Already started on your business plan and still looking for the right tips to polish it? Then we have just the thing for you: Namely, 6 tips on how to write a perfect business plan
“Can’t I just start up and run my business?” – that’s what we often hear from our clients. But unfortunately, it’s not quite that simple to build a successful business. If you start your company without planning, you will miss out on some important benefits that a business plan offers.
A business plan helps you to tackle the following entrepreneurial and strategic tasks:
Writing a business plan is about building a foundation for your business. You are not predicting the future, but rather working out the core strategy of your business that will help you stay the course for growth. This initial document is not meant to be perfect, but to be constantly reviewed and adjusted to guide you in identifying and achieving your goals.
Without a business plan as a foundation, it is much more difficult to track your progress, make adjustments, and have appropriate information to fall back on when making difficult decisions. In addition, creating a business plan ensures that you have something of an entrepreneurial road map that shows not only where you want to go, but also where you’ve already been.
Investors and lenders need to know that you have a solid idea of how to grow your business. You need to prove that there is an achievable and sustainable need for your solution, that you have a strong business strategy, and that your company can be financially stable. This means you need to have the right financial statements, projections, and a well-understood explanation of your business model ready for potential investors.

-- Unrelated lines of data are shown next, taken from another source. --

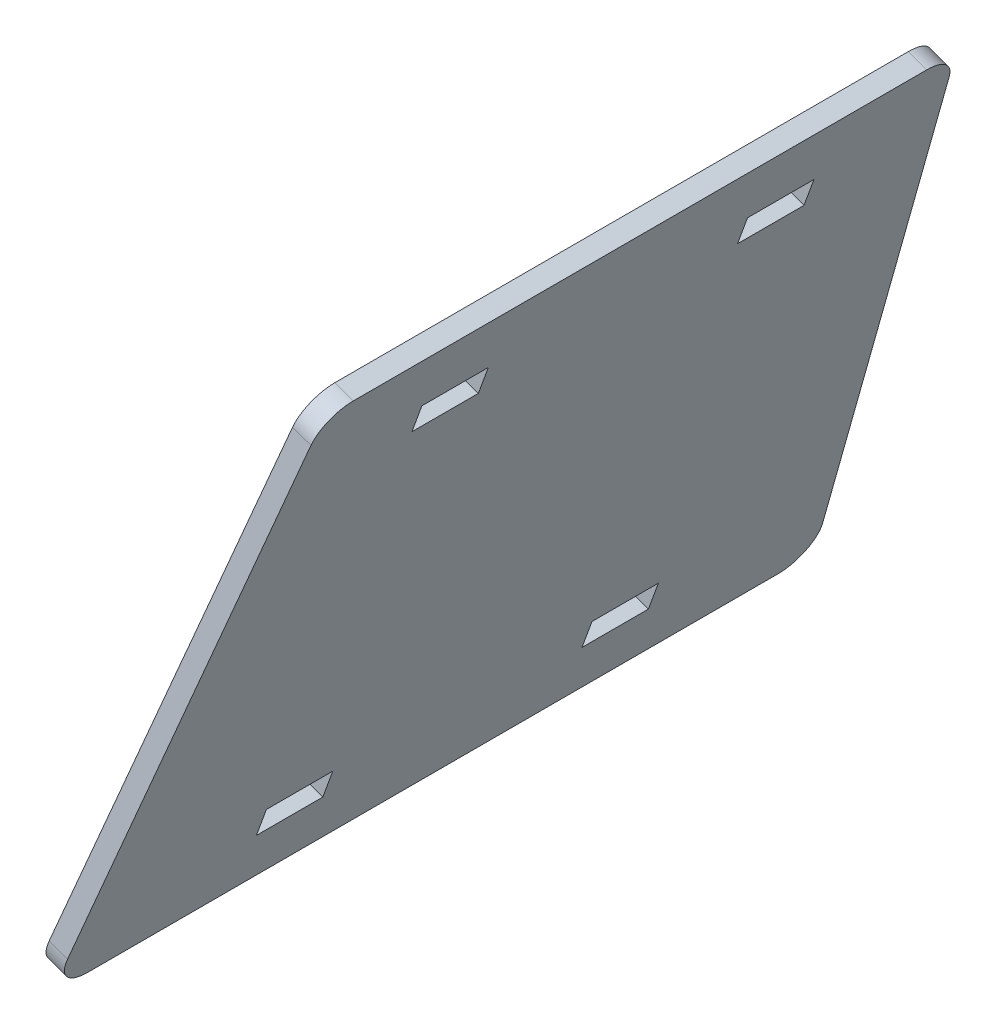
ISO-10303-21;
HEADER;
FILE_DESCRIPTION(('STEP AP214'),'2;1');
FILE_NAME('part.step','',(''),(''),'','','');
FILE_SCHEMA(('AUTOMOTIVE_DESIGN { 1 0 10303 214 1 1 1 1 }'));
ENDSEC;
DATA;
#1=APPLICATION_CONTEXT('core data for automotive mechanical design processes');
#2=APPLICATION_PROTOCOL_DEFINITION('international standard','automotive_design',2000,#1);
#3=PRODUCT_CONTEXT('',#1,'mechanical');
#4=PRODUCT('Part','Part','',(#3));
#5=PRODUCT_RELATED_PRODUCT_CATEGORY('part','',(#4));
#6=PRODUCT_DEFINITION_FORMATION('','',#4);
#7=PRODUCT_DEFINITION_CONTEXT('part definition',#1,'design');
#8=PRODUCT_DEFINITION('design','',#6,#7);
#9=PRODUCT_DEFINITION_SHAPE('','',#8);
#10=(LENGTH_UNIT() NAMED_UNIT(*) SI_UNIT(.MILLI.,.METRE.));
#11=(NAMED_UNIT(*) PLANE_ANGLE_UNIT() SI_UNIT($,.RADIAN.));
#12=(NAMED_UNIT(*) SI_UNIT($,.STERADIAN.) SOLID_ANGLE_UNIT());
#13=UNCERTAINTY_MEASURE_WITH_UNIT(LENGTH_MEASURE(1.E-05),#10,'distance_accuracy_value','');
#14=(GEOMETRIC_REPRESENTATION_CONTEXT(3) GLOBAL_UNCERTAINTY_ASSIGNED_CONTEXT((#13)) GLOBAL_UNIT_ASSIGNED_CONTEXT((#10,
#11,#12)) REPRESENTATION_CONTEXT('',''));
#15=CARTESIAN_POINT('',(0.,0.,0.));
#16=DIRECTION('',(0.,0.,1.));
#17=DIRECTION('',(1.,0.,0.));
#18=AXIS2_PLACEMENT_3D('',#15,#16,#17);
#19=CARTESIAN_POINT('',(-37.2681310039553,206.317493290376,-49.));
#20=DIRECTION('',(0.0367385989462375,0.100938471027188,-0.994214111956857));
#21=DIRECTION('',(0.,0.994885749576172,0.101006659633206));
#22=AXIS2_PLACEMENT_3D('',#19,#20,#21);
#23=PLANE('',#22);
#24=DIRECTION('',(0.340041253067883,0.934255664487075,0.107416477254837));
#25=VECTOR('',#24,1.);
#26=CARTESIAN_POINT('',(-65.3665086389558,216.544466380687,-49.));
#27=LINE('',#26,#25);
#28=CARTESIAN_POINT('',(-93.76563466198,138.518508900181,-57.9710705597843));
#29=VERTEX_POINT('',#28);
#30=CARTESIAN_POINT('',(-65.3665086389558,216.544466380687,-49.));
#31=VERTEX_POINT('',#30);
#32=EDGE_CURVE('E346',#29,#31,#27,.T.);
#33=ORIENTED_EDGE('',*,*,#32,.F.);
#34=DIRECTION('',(-0.93969262078591,0.342020143325665,0.));
#35=VECTOR('',#34,1.);
#36=CARTESIAN_POINT('',(-65.6672570269796,128.29153580987,-57.9710705597843));
#37=LINE('',#36,#35);
#38=CARTESIAN_POINT('',(-96.5847125243379,139.544569330158,-57.9710705597843));
#39=VERTEX_POINT('',#38);
#40=EDGE_CURVE('E361',#29,#39,#37,.T.);
#41=ORIENTED_EDGE('',*,*,#40,.T.);
#42=DIRECTION('',(-0.340041253067883,-0.934255664487075,-0.107416477254837));
#43=VECTOR('',#42,1.);
#44=CARTESIAN_POINT('',(-68.1855865013136,217.570526810664,-49.));
#45=LINE('',#44,#43);
#46=CARTESIAN_POINT('',(-68.1855865013136,217.570526810664,-49.));
#47=VERTEX_POINT('',#46);
#48=EDGE_CURVE('E333',#47,#39,#45,.T.);
#49=ORIENTED_EDGE('',*,*,#48,.F.);
#50=DIRECTION('',(-0.93969262078591,0.342020143325665,0.));
#51=VECTOR('',#50,1.);
#52=CARTESIAN_POINT('',(-37.2681310039553,206.317493290376,-49.));
#53=LINE('',#52,#51);
#54=EDGE_CURVE('E343',#31,#47,#53,.T.);
#55=ORIENTED_EDGE('',*,*,#54,.F.);
#56=EDGE_LOOP('',(#33,#41,#49,#55));
#57=FACE_BOUND('',#56,.T.);
#58=ADVANCED_FACE('F31',(#57),#23,.T.);
#59=CARTESIAN_POINT('',(-65.8509500217108,127.786843454734,-53.));
#60=DIRECTION('',(-0.93969262078591,0.342020143325665,0.));
#61=DIRECTION('',(-0.342020143325665,-0.93969262078591,0.));
#62=AXIS2_PLACEMENT_3D('',#59,#60,#61);
#63=CYLINDRICAL_SURFACE('',#62,5.);
#64=ORIENTED_EDGE('',*,*,#40,.F.);
#65=CARTESIAN_POINT('',(-93.9493276567112,138.013816545045,-53.));
#66=DIRECTION('',(-0.93969262078591,0.342020143325665,0.));
#67=DIRECTION('',(-0.342020143325665,-0.93969262078591,0.));
#68=AXIS2_PLACEMENT_3D('',#65,#66,#67);
#69=CIRCLE('',#68,5.);
#70=CARTESIAN_POINT('',(-95.6594283733396,133.315353441115,-53.));
#71=VERTEX_POINT('',#70);
#72=EDGE_CURVE('E321',#71,#29,#69,.F.);
#73=ORIENTED_EDGE('',*,*,#72,.F.);
#74=DIRECTION('',(-0.93969262078591,0.342020143325665,0.));
#75=VECTOR('',#74,1.);
#76=CARTESIAN_POINT('',(-67.5610507383391,123.088380350804,-53.));
#77=LINE('',#76,#75);
#78=CARTESIAN_POINT('',(-98.4785062356973,134.341413871092,-53.));
#79=VERTEX_POINT('',#78);
#80=EDGE_CURVE('E358',#71,#79,#77,.T.);
#81=ORIENTED_EDGE('',*,*,#80,.T.);
#82=CARTESIAN_POINT('',(-96.768405519069,139.039876975022,-53.));
#83=DIRECTION('',(-0.93969262078591,0.342020143325665,0.));
#84=DIRECTION('',(-0.342020143325665,-0.93969262078591,0.));
#85=AXIS2_PLACEMENT_3D('',#82,#83,#84);
#86=CIRCLE('',#85,5.);
#87=EDGE_CURVE('E335',#39,#79,#86,.T.);
#88=ORIENTED_EDGE('',*,*,#87,.F.);
#89=EDGE_LOOP('',(#64,#73,#81,#88));
#90=FACE_BOUND('',#89,.T.);
#91=ADVANCED_FACE('F384',(#90),#63,.T.);
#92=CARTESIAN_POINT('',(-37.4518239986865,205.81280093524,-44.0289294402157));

Writing your business plan helps you put all these pieces together and make connections between them to tell a cohesive story about your business.
It’s not uncommon for the biggest decisions to have to be made during volatile periods of growth or even difficult times of crisis. This requires you to make momentous decisions often much faster than you might like. Without up-to-date planning and forecasting information, these decisions can’t be as safe or strategic as they need to be.
If you have a business plan that you review regularly, you can make informed decisions. You’ll have all the information you need to know when to hire new employees, launch a new product line, or make a major purchase. At the same time, you can also plan ahead in case a decision doesn’t turn out as expected, minimizing your potential risk.
Still unsure if a business plan is worth it or not? In addition to this compact guide, we’ve compiled 21 reasons for a business plan that are sure to convince you.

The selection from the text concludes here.